Only the lines from the beginning of the listing below through the line with "Gain1 : Gain" belong in the answer; please print them exactly and drop the pictures.

------------------------------------

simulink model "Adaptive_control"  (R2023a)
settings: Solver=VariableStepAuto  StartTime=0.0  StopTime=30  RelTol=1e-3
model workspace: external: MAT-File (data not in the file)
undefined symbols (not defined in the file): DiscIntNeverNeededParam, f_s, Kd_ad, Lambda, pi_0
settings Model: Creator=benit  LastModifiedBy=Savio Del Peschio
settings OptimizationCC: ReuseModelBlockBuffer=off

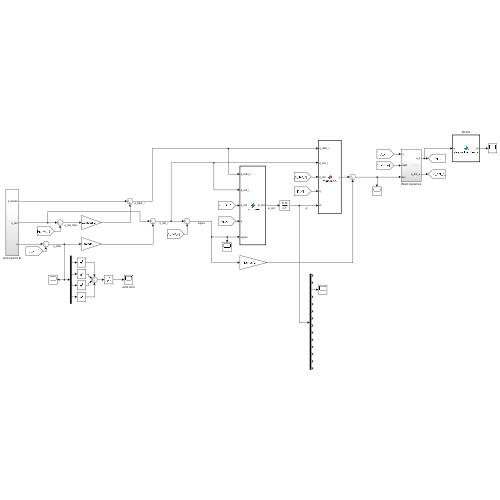
[thumbnail: Simulink's stored preview of the top-level diagram]
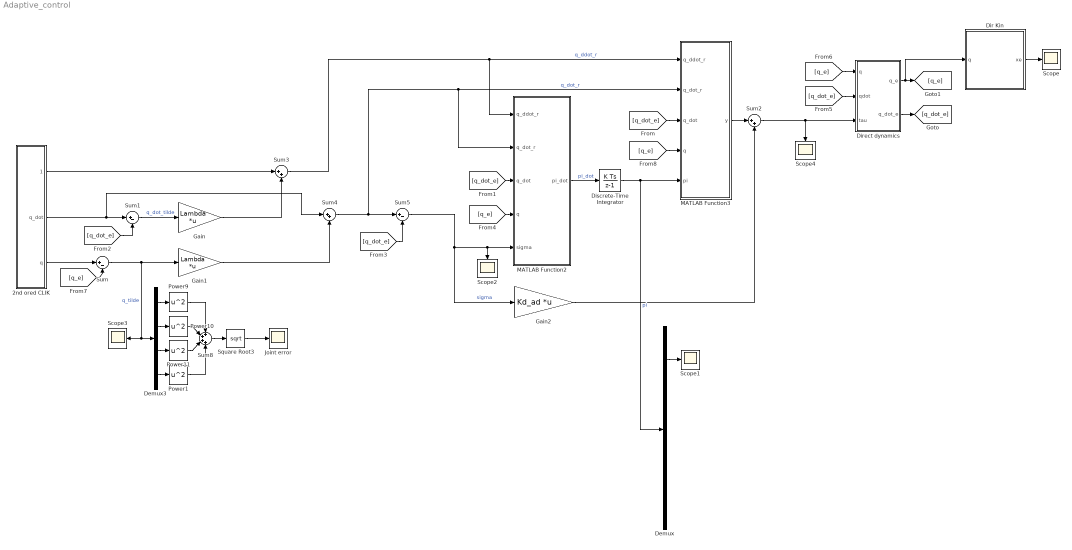
== system Adaptive_control ==
  2nd ored CLIK : Subsystem
  Demux : Demux  Outputs=14
  Demux3 : Demux
  Dir Kin : MATLAB Function  TreatAsAtomicUnit=on
  Direct dynamics : Subsystem
  Discrete-Time Integrator : DiscreteIntegrator  InitialCondition=pi_0  SampleTime=1/f_s  ICPrevOutput=DiscIntNeverNeededParam  ICPrevScaledInput=DiscIntNeverNeededParam
  Gain : Gain  Gain=Lambda  Multiplication=Matrix(K*u)
  Gain1 : Gain  Gain=Lambda  Multiplication=Matrix(K*u)
  Gain2 : Gain  Gain=Kd_ad  Multiplication=Matrix(K*u)
  Joint error : Scope
  MATLAB Function2 : MATLAB Function  TreatAsAtomicUnit=on
  MATLAB Function3 : MATLAB Function  TreatAsAtomicUnit=on
  Power{1,9..11} (4 alike) : Math  Operator=square
  Scope{,1..4} (5 alike) : Scope
  Square Root3 : Sqrt
  Sum : Sum  Inputs=|+-
  Sum1 : Sum  Inputs=|+-
  Sum2 : Sum  Inputs=|++
  Sum3 : Sum  Inputs=|++
  Sum4 : Sum  Inputs=|++
  Sum5 : Sum  Inputs=|+-
  Sum8 : Sum  Inputs=++++
  wires:
  2nd ored CLIK/2(q_dot) -> Sum4/1, Sum1/1
  Sum1/1 -> Gain/1  "q_dot_tilde"
  Sum/1 -> Demux3/1, Scope3/1, Gain1/1  "q_tilde"
  Dir Kin/1(xe) -> Scope/1
  2nd ored CLIK/1(q_dotdot) -> Sum3/1
  Gain/1 -> Sum3/2
  Gain1/1 -> Sum4/2
  Sum4/1 -> MATLAB Function3/2(q_dot_r), MATLAB Function2/2(q_dot_r), Sum5/1  "q_dot_r"
  Sum3/1 -> MATLAB Function3/1(q_ddot_r), MATLAB Function2/1(q_ddot_r)  "q_ddot_r"
  Sum5/1 -> MATLAB Function2/5(sigma), Scope2/1, Gain2/1  "sigma"
  Discrete-Time Integrator/1 -> Demux/1, MATLAB Function3/5(pi)  "pi"
  MATLAB Function3/1(y) -> Sum2/1
  Gain2/1 -> Sum2/2
  MATLAB Function2/1(pi_dot) -> Discrete-Time Integrator/1  "pi_dot"
  Demux3/1 -> Power9/1
  Sum8/1 -> Square Root3/1
  Power10/1 -> Sum8/2
  Power11/1 -> Sum8/3
  Demux3/3 -> Power11/1
  Power9/1 -> Sum8/1
  Demux3/2 -> Power10/1
  Square Root3/1 -> Joint error/1
  Demux3/4 -> Power1/1
  Power1/1 -> Sum8/4
  Direct dynamics/2(q_dot_e) -> [q_dot_e]
  [q_dot_e] -> MATLAB Function3/3(q_dot)
  [q_dot_e] -> MATLAB Function2/3(q_dot)
  [q_dot_e] -> Sum1/2
  [q_dot_e] -> Sum5/2
  Direct dynamics/1(q_e) -> [q_e], Dir Kin/1(q)
  [q_e] -> MATLAB Function2/4(q)
  [q_dot_e] -> Direct dynamics/2(qdot)
  [q_e] -> Direct dynamics/1(q)
  [q_e] -> Sum/2
  [q_e] -> MATLAB Function3/4(q)
  2nd ored CLIK/3(q) -> Sum/1
  Sum2/1 -> Scope4/1, Direct dynamics/3(tau)
  Demux/3 -> Scope1/1

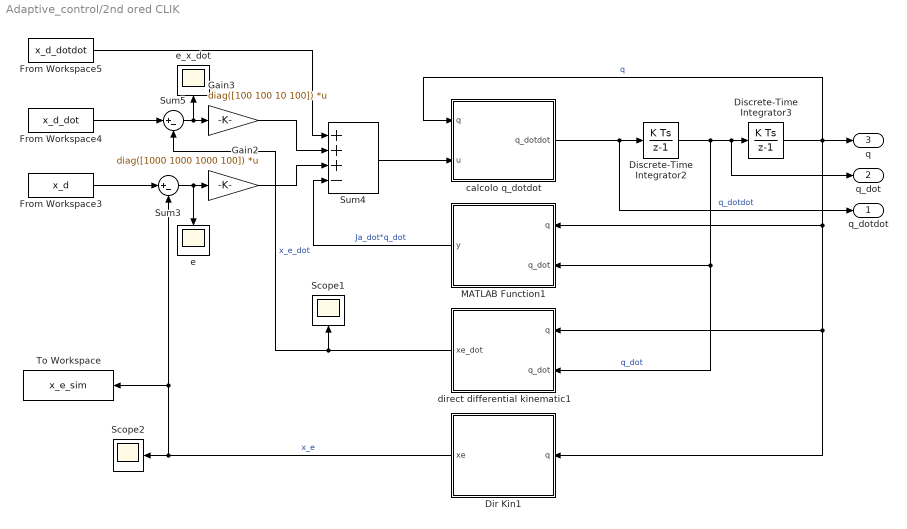
== system Adaptive_control/2nd ored CLIK ==
  Dir Kin1 : MATLAB Function  TreatAsAtomicUnit=on
  Discrete-Time Integrator2 : DiscreteIntegrator  gainval=1  InitialCondition=zeros(4,1)  SampleTime=1/f_s  ICPrevOutput=DiscIntNeverNeededParam  ICPrevScaledInput=DiscIntNeverNeededParam
  Discrete-Time Integrator3 : DiscreteIntegrator  gainval=1  InitialCondition=config_p_init'  SampleTime=1/f_s  ICPrevOutput=DiscIntNeverNeededParam  ICPrevScaledInput=DiscIntNeverNeededParam
  From Workspace3 : FromWorkspace  VariableName=x_d
  From Workspace4 : FromWorkspace  VariableName=x_d_dot
  From Workspace5 : FromWorkspace  VariableName=x_d_dotdot
  Gain2 : Gain  Gain=diag([1000 1000 1000 100])  Multiplication=Matrix(K*u)
  Gain3 : Gain  Gain=diag([100 100 10 100])  Multiplication=Matrix(K*u)
  MATLAB Function1 : MATLAB Function  TreatAsAtomicUnit=on
  Scope1 : Scope
  Scope2 : Scope
  Sum3 : Sum  Inputs=|+-
  Sum4 : Sum  Inputs=+++-
  Sum5 : Sum  Inputs=|+-
  To Workspace : ToWorkspace  VariableName=x_e_sim  SaveFormat=Timeseries  SampleTime=-1
  calcolo q_dotdot : MATLAB Function  TreatAsAtomicUnit=on
  direct differential kinematic1 : MATLAB Function  TreatAsAtomicUnit=on
  e : Scope
  e_x_dot : Scope
  q_dotdot : Outport
  q_dot : Outport  Port=2
  q : Outport  Port=3
  wires:
  Sum4/1 -> calcolo q_dotdot/2(u)
  Discrete-Time Integrator3/1 -> q/1, Dir Kin1/1(q), direct differential kinematic1/1(q), MATLAB Function1/1(q), calcolo q_dotdot/1(q)  "q"
  Dir Kin1/1(xe) -> To Workspace/1, Sum3/2, Scope2/1  "x_e"
  Gain3/1 -> Sum4/2
  From Workspace4/1 -> Sum5/1
  calcolo q_dotdot/1(q_dotdot) -> q_dotdot/1, Discrete-Time Integrator2/1  "q_dotdot"
  From Workspace3/1 -> Sum3/1
  MATLAB Function1/1(y) -> Sum4/4  "Ja_dot*q_dot"
  Gain2/1 -> Sum4/3
  Sum5/1 -> e_x_dot/1, Gain3/1
  From Workspace5/1 -> Sum4/1
  Discrete-Time Integrator2/1 -> direct differential kinematic1/2(q_dot), MATLAB Function1/2(q_dot), q_dot/1, Discrete-Time Integrator3/1  "q_dot"
  direct differential kinematic1/1(xe_dot) -> Sum5/2, Scope1/1  "x_e_dot"
  Sum3/1 -> e/1, Gain2/1

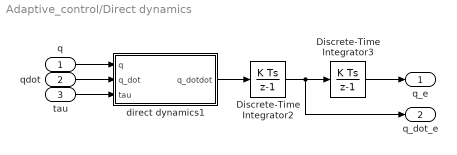
== system Adaptive_control/Direct dynamics ==
  q : Inport
  qdot : Inport  Port=2
  tau : Inport  Port=3
  Discrete-Time Integrator2 : DiscreteIntegrator  InitialCondition=zeros(4,1)  SampleTime=1/f_s  ICPrevOutput=DiscIntNeverNeededParam  ICPrevScaledInput=DiscIntNeverNeededParam
  Discrete-Time Integrator3 : DiscreteIntegrator  InitialCondition=config_p_init'  SampleTime=1/f_s  ICPrevOutput=DiscIntNeverNeededParam  ICPrevScaledInput=DiscIntNeverNeededParam
  direct dynamics1 : MATLAB Function  TreatAsAtomicUnit=on
  q_e : Outport
  q_dot_e : Outport  Port=2
  wires:
  Discrete-Time Integrator2/1 -> q_dot_e/1, Discrete-Time Integrator3/1
  qdot/1 -> direct dynamics1/2(q_dot)
  tau/1 -> direct dynamics1/3(tau)
  Discrete-Time Integrator3/1 -> q_e/1
  direct dynamics1/1(q_dotdot) -> Discrete-Time Integrator2/1
  q/1 -> direct dynamics1/1(q)

== matlab function Adaptive_control/2nd ored CLIK/Dir Kin1 ==
  data: q input; xe output
function xe = cinematica_diretta(q)
    
    xe = [  0.5*cos(q(1))+0.5*cos(q(1)+q(2));
            0.5*sin(q(1))+0.5*sin(q(1)+q(2));
            1/2-q(3)
            q(1)+q(2)-q(4) ];

end

== matlab function Adaptive_control/2nd ored CLIK/MATLAB Function1 ==
  data: q input; q_dot input; y output
function y = Ja_dot(q, q_dot)

    J_min_dot = [-0.5*(q_dot(1)+q_dot(2))*cos(q(1)+q(2))-0.5*q_dot(1)*cos(q(1))              -0.5*(q_dot(1)+q_dot(2))*cos(q(1)+q(2))  0   0
                 -0.5*(q_dot(1)+q_dot(2))*sin(q(1)+q(2))-0.5*q_dot(1)*sin(q(1))              -0.5*(q_dot(1)+q_dot(2))*sin(q(1)+q(2))  0   0
                 0                                                                            0                                       0   0
                 0                                                                            0                                       0   0];
    
     y = J_min_dot*q_dot;
     
end

== matlab function Adaptive_control/2nd ored CLIK/calcolo q_dotdot ==
  data: q input; u input; q_dotdot output
function q_dotdot = fcn(q,u)

    J = [-0.5*sin(q(1))-0.5*sin(q(1)+q(2))   -0.5*sin(q(1)+q(2))    0  0 
          0.5*cos(q(1))+0.5*cos(q(1)+q(2))    0.5*cos(q(1)+q(2))    0  0 
          0                                   0                    -1  0
          1                                   1                     0  -1];
    
    q_dotdot = pinv(J)*u;

end

== matlab function Adaptive_control/2nd ored CLIK/direct differential kinematic1 ==
  data: q input; q_dot input; xe_dot output
function xe_dot = fcn(q,q_dot)

 Ja = [-0.5*sin(q(1))-0.5*sin(q(1)+q(2)) -0.5*sin(q(1)+q(2))    0 0
      0.5*cos(q(1))+0.5*cos(q(1)+q(2))  0.5*cos(q(1)+q(2))     0 0
      0                                0                    -1 0
      1                                1                    0 -1];

xe_dot = Ja*q_dot;

end

== matlab function Adaptive_control/Dir Kin ==
  data: q input; xe output
function xe = cinematica_diretta(q)
    
    xe = [  0.5*cos(q(1))+0.5*cos(q(1)+q(2));
            0.5*sin(q(1))+0.5*sin(q(1)+q(2));
            1/2-q(3)
            q(1)+q(2)-q(4) ];

end

== matlab function Adaptive_control/MATLAB Function2 ==
  data: pi_dot output; q_ddot_r input; q_dot_r input; q_dot input; q input; sigma input
function pi_dot = regressore(q_ddot_r, q_dot_r, q_dot, q, sigma)

    theta_1 = q(1);
    theta_2 = q(2);
    d_3     = q(3);
    theta_4 = q(4);
    theta_dot_1 = q_dot(1);
    theta_dot_2 = q_dot(2);
    d_dot_3     = q_dot(3);
    theta_dot_4 = q_dot(4);
    q_dot_1_r = q_dot_r(1);
    q_dot_2_r = q_dot_r(2);
    q_dot_3_r = q_dot_r(3);
    q_dot_4_r = q_dot_r(4);
    q_ddot_1_r = q_ddot_r(1);
    q_ddot_2_r = q_ddot_r(2);
    q_ddot_3_r = q_ddot_r(3);
    q_ddot_4_r = q_ddot_r(4);
    
    Y = [q_ddot_1_r/16, q_ddot_1_r*(cos(theta_2)/4 + 5/16) + q_ddot_2_r*(cos(theta_2)/8 + 1/16) - q_dot_2_r*((theta_dot_1*sin(theta_2))/8 + (theta_dot_2*sin(theta_2))/8) - (q_dot_1_r*theta_dot_2*sin(theta_2))/8, q_ddot_1_r*(cos(theta_2)/2 + 1/2) + q_ddot_2_r*(cos(theta_2)/4 + 1/4) - q_dot_2_r*((theta_dot_1*sin(theta_2))/4 + (theta_dot_2*sin(theta_2))/4) - (q_dot_1_r*theta_dot_2*sin(theta_2))/4, q_ddot_1_r, q_ddot_1_r + q_ddot_2_r, q_ddot_1_r + q_ddot_2_r - q_ddot_4_r, q_ddot_1_r, q_ddot_1_r + q_ddot_2_r,         q_ddot_1_r + q_ddot_2_r - 50*q_ddot_3_r,        q_ddot_1_r + q_ddot_2_r - 20*q_ddot_4_r, q_dot_1_r,         0,         0,         0;
                     0,                                                                                                q_ddot_2_r/16 + q_ddot_1_r*(cos(theta_2)/8 + 1/16) + (q_dot_1_r*theta_dot_1*sin(theta_2))/8,                                                                                                q_ddot_2_r/4 + q_ddot_1_r*(cos(theta_2)/4 + 1/4) + (q_dot_1_r*theta_dot_1*sin(theta_2))/4,          0, q_ddot_1_r + q_ddot_2_r, q_ddot_1_r + q_ddot_2_r - q_ddot_4_r,          0, q_ddot_1_r + q_ddot_2_r,         q_ddot_1_r + q_ddot_2_r - 50*q_ddot_3_r,        q_ddot_1_r + q_ddot_2_r - 20*q_ddot_4_r,         0, q_dot_2_r,         0,         0;
                     0,                                                                                                                                                                                          0,                                                                                                                                                                     q_ddot_3_r - 981/100,          0,                       0,                                    0,          0,                       0, 2500*q_ddot_3_r - 50*q_ddot_2_r - 50*q_ddot_1_r,                                              0,         0,         0, q_dot_3_r,         0;
                     0,                                                                                                                                                                                          0,                                                                                                                                                                                        0,          0,                       0, q_ddot_4_r - q_ddot_2_r - q_ddot_1_r,          0,                       0,                                               0, 400*q_ddot_4_r - 20*q_ddot_2_r - 20*q_ddot_1_r,         0,         0,         0, q_dot_4_r];
    
    K_pi = diag([1 1 0.001 1 1 1 1 1 1 1 1 1 1 1])*10;
    
    pi_dot = inv(K_pi)*(Y')*sigma;

end

== matlab function Adaptive_control/MATLAB Function3 ==
  data: q_ddot_r input; y output; q_dot_r input; q_dot input; q input; pi input
function y = regressore(q_ddot_r, q_dot_r, q_dot, q, pi)

    theta_1 = q(1);
    theta_2 = q(2);
    d_3     = q(3);
    theta_4 = q(4);
    theta_dot_1 = q_dot(1);
    theta_dot_2 = q_dot(2);
    d_dot_3     = q_dot(3);
    theta_dot_4 = q_dot(4);
    q_dot_1_r = q_dot_r(1);
    q_dot_2_r = q_dot_r(2);
    q_dot_3_r = q_dot_r(3);
    q_dot_4_r = q_dot_r(4);
    q_ddot_1_r = q_ddot_r(1);
    q_ddot_2_r = q_ddot_r(2);
    q_ddot_3_r = q_ddot_r(3);
    q_ddot_4_r = q_ddot_r(4);

    Y = [q_ddot_1_r/16, q_ddot_1_r*(cos(theta_2)/4 + 5/16) + q_ddot_2_r*(cos(theta_2)/8 + 1/16) - q_dot_2_r*((theta_dot_1*sin(theta_2))/8 + (theta_dot_2*sin(theta_2))/8) - (q_dot_1_r*theta_dot_2*sin(theta_2))/8, q_ddot_1_r*(cos(theta_2)/2 + 1/2) + q_ddot_2_r*(cos(theta_2)/4 + 1/4) - q_dot_2_r*((theta_dot_1*sin(theta_2))/4 + (theta_dot_2*sin(theta_2))/4) - (q_dot_1_r*theta_dot_2*sin(theta_2))/4, q_ddot_1_r, q_ddot_1_r + q_ddot_2_r, q_ddot_1_r + q_ddot_2_r - q_ddot_4_r, q_ddot_1_r, q_ddot_1_r + q_ddot_2_r,         q_ddot_1_r + q_ddot_2_r - 50*q_ddot_3_r,        q_ddot_1_r + q_ddot_2_r - 20*q_ddot_4_r, q_dot_1_r,         0,         0,         0;
                     0,                                                                                                q_ddot_2_r/16 + q_ddot_1_r*(cos(theta_2)/8 + 1/16) + (q_dot_1_r*theta_dot_1*sin(theta_2))/8,                                                                                                q_ddot_2_r/4 + q_ddot_1_r*(cos(theta_2)/4 + 1/4) + (q_dot_1_r*theta_dot_1*sin(theta_2))/4,          0, q_ddot_1_r + q_ddot_2_r, q_ddot_1_r + q_ddot_2_r - q_ddot_4_r,          0, q_ddot_1_r + q_ddot_2_r,         q_ddot_1_r + q_ddot_2_r - 50*q_ddot_3_r,        q_ddot_1_r + q_ddot_2_r - 20*q_ddot_4_r,         0, q_dot_2_r,         0,         0;
                     0,                                                                                                                                                                                          0,                                                                                                                                                                     q_ddot_3_r - 981/100,          0,                       0,                                    0,          0,                       0, 2500*q_ddot_3_r - 50*q_ddot_2_r - 50*q_ddot_1_r,                                              0,         0,         0, q_dot_3_r,         0;
                     0,                                                                                                                                                                                          0,                                                                                                                                                                                        0,          0,                       0, q_ddot_4_r - q_ddot_2_r - q_ddot_1_r,          0,                       0,                                               0, 400*q_ddot_4_r - 20*q_ddot_2_r - 20*q_ddot_1_r,         0,         0,         0, q_dot_4_r];
    
    y=Y*pi;

end

== matlab function Adaptive_control/Direct dynamics/direct dynamics1 ==
  data: q input; q_dot input; q_dotdot output; tau input
function q_dotdot = fcn(q, q_dot, tau)
        
    %attriti dei motori
    Fm_1 = 0.00005;
    Fm_2 = 0.00005;
    Fm_3 = 0.01;
    Fm_4 = 0.005;
    
    theta_2 = q(2);
    theta_dot_1 = q_dot(1);
    theta_dot_2 = q_dot(2);
    d_dot_3 = q_dot(3);
    theta_dot_4 = q_dot(4);
    
    B_p = [(25*cos(theta_2))/2 + 12013/500, (25*cos(theta_2))/4 + 1252/125, -1/4, -51/50;
            (25*cos(theta_2))/4 + 1252/125,                       1252/125, -1/4, -51/50;
                                      -1/4,                           -1/4, 55/2,      0;
                                    -51/50,                         -51/50,    0,    7/5];                                                                                                        
       
    C_p = [-(25*theta_dot_2*sin(theta_2))/4, - (25*theta_dot_1*sin(theta_2))/4 - (25*theta_dot_2*sin(theta_2))/4, 0, 0;
            (25*theta_dot_1*sin(theta_2))/4,                                                                   0, 0, 0;
                                          0,                                                                   0, 0, 0;
                                          0,                                                                   0, 0, 0];
    
    
    F_v = diag([-Fm_1 -Fm_2 -Fm_3 -Fm_4]);
    g = [0, 0, - 9.81*(5+10), 0]';
    tau_primo = C_p*q_dot+F_v*q_dot+g;
    
    q_dotdot = inv(B_p)*(tau-tau_primo); 

end

------------------------------------

FINISHED EXERCISE »
simulink model "Adaptive_control"  (R2023a)
settings: Solver=VariableStepAuto  StartTime=0.0  StopTime=30  RelTol=1e-3
model workspace: external: MAT-File (data not in the file)
undefined symbols (not defined in the file): DiscIntNeverNeededParam, f_s, Kd_ad, Lambda, pi_0
settings Model: Creator=benit  LastModifiedBy=Savio Del Peschio
settings OptimizationCC: ReuseModelBlockBuffer=off

[thumbnail: Simulink's stored preview of the top-level diagram]
== system Adaptive_control ==
  2nd ored CLIK : Subsystem
  Demux : Demux  Outputs=14
  Demux3 : Demux
  Dir Kin : MATLAB Function  TreatAsAtomicUnit=on
  Direct dynamics : Subsystem
  Discrete-Time Integrator : DiscreteIntegrator  InitialCondition=pi_0  SampleTime=1/f_s  ICPrevOutput=DiscIntNeverNeededParam  ICPrevScaledInput=DiscIntNeverNeededParam
  Gain : Gain  Gain=Lambda  Multiplication=Matrix(K*u)
  Gain1 : Gain  Gain=Lambda  Multiplication=Matrix(K*u)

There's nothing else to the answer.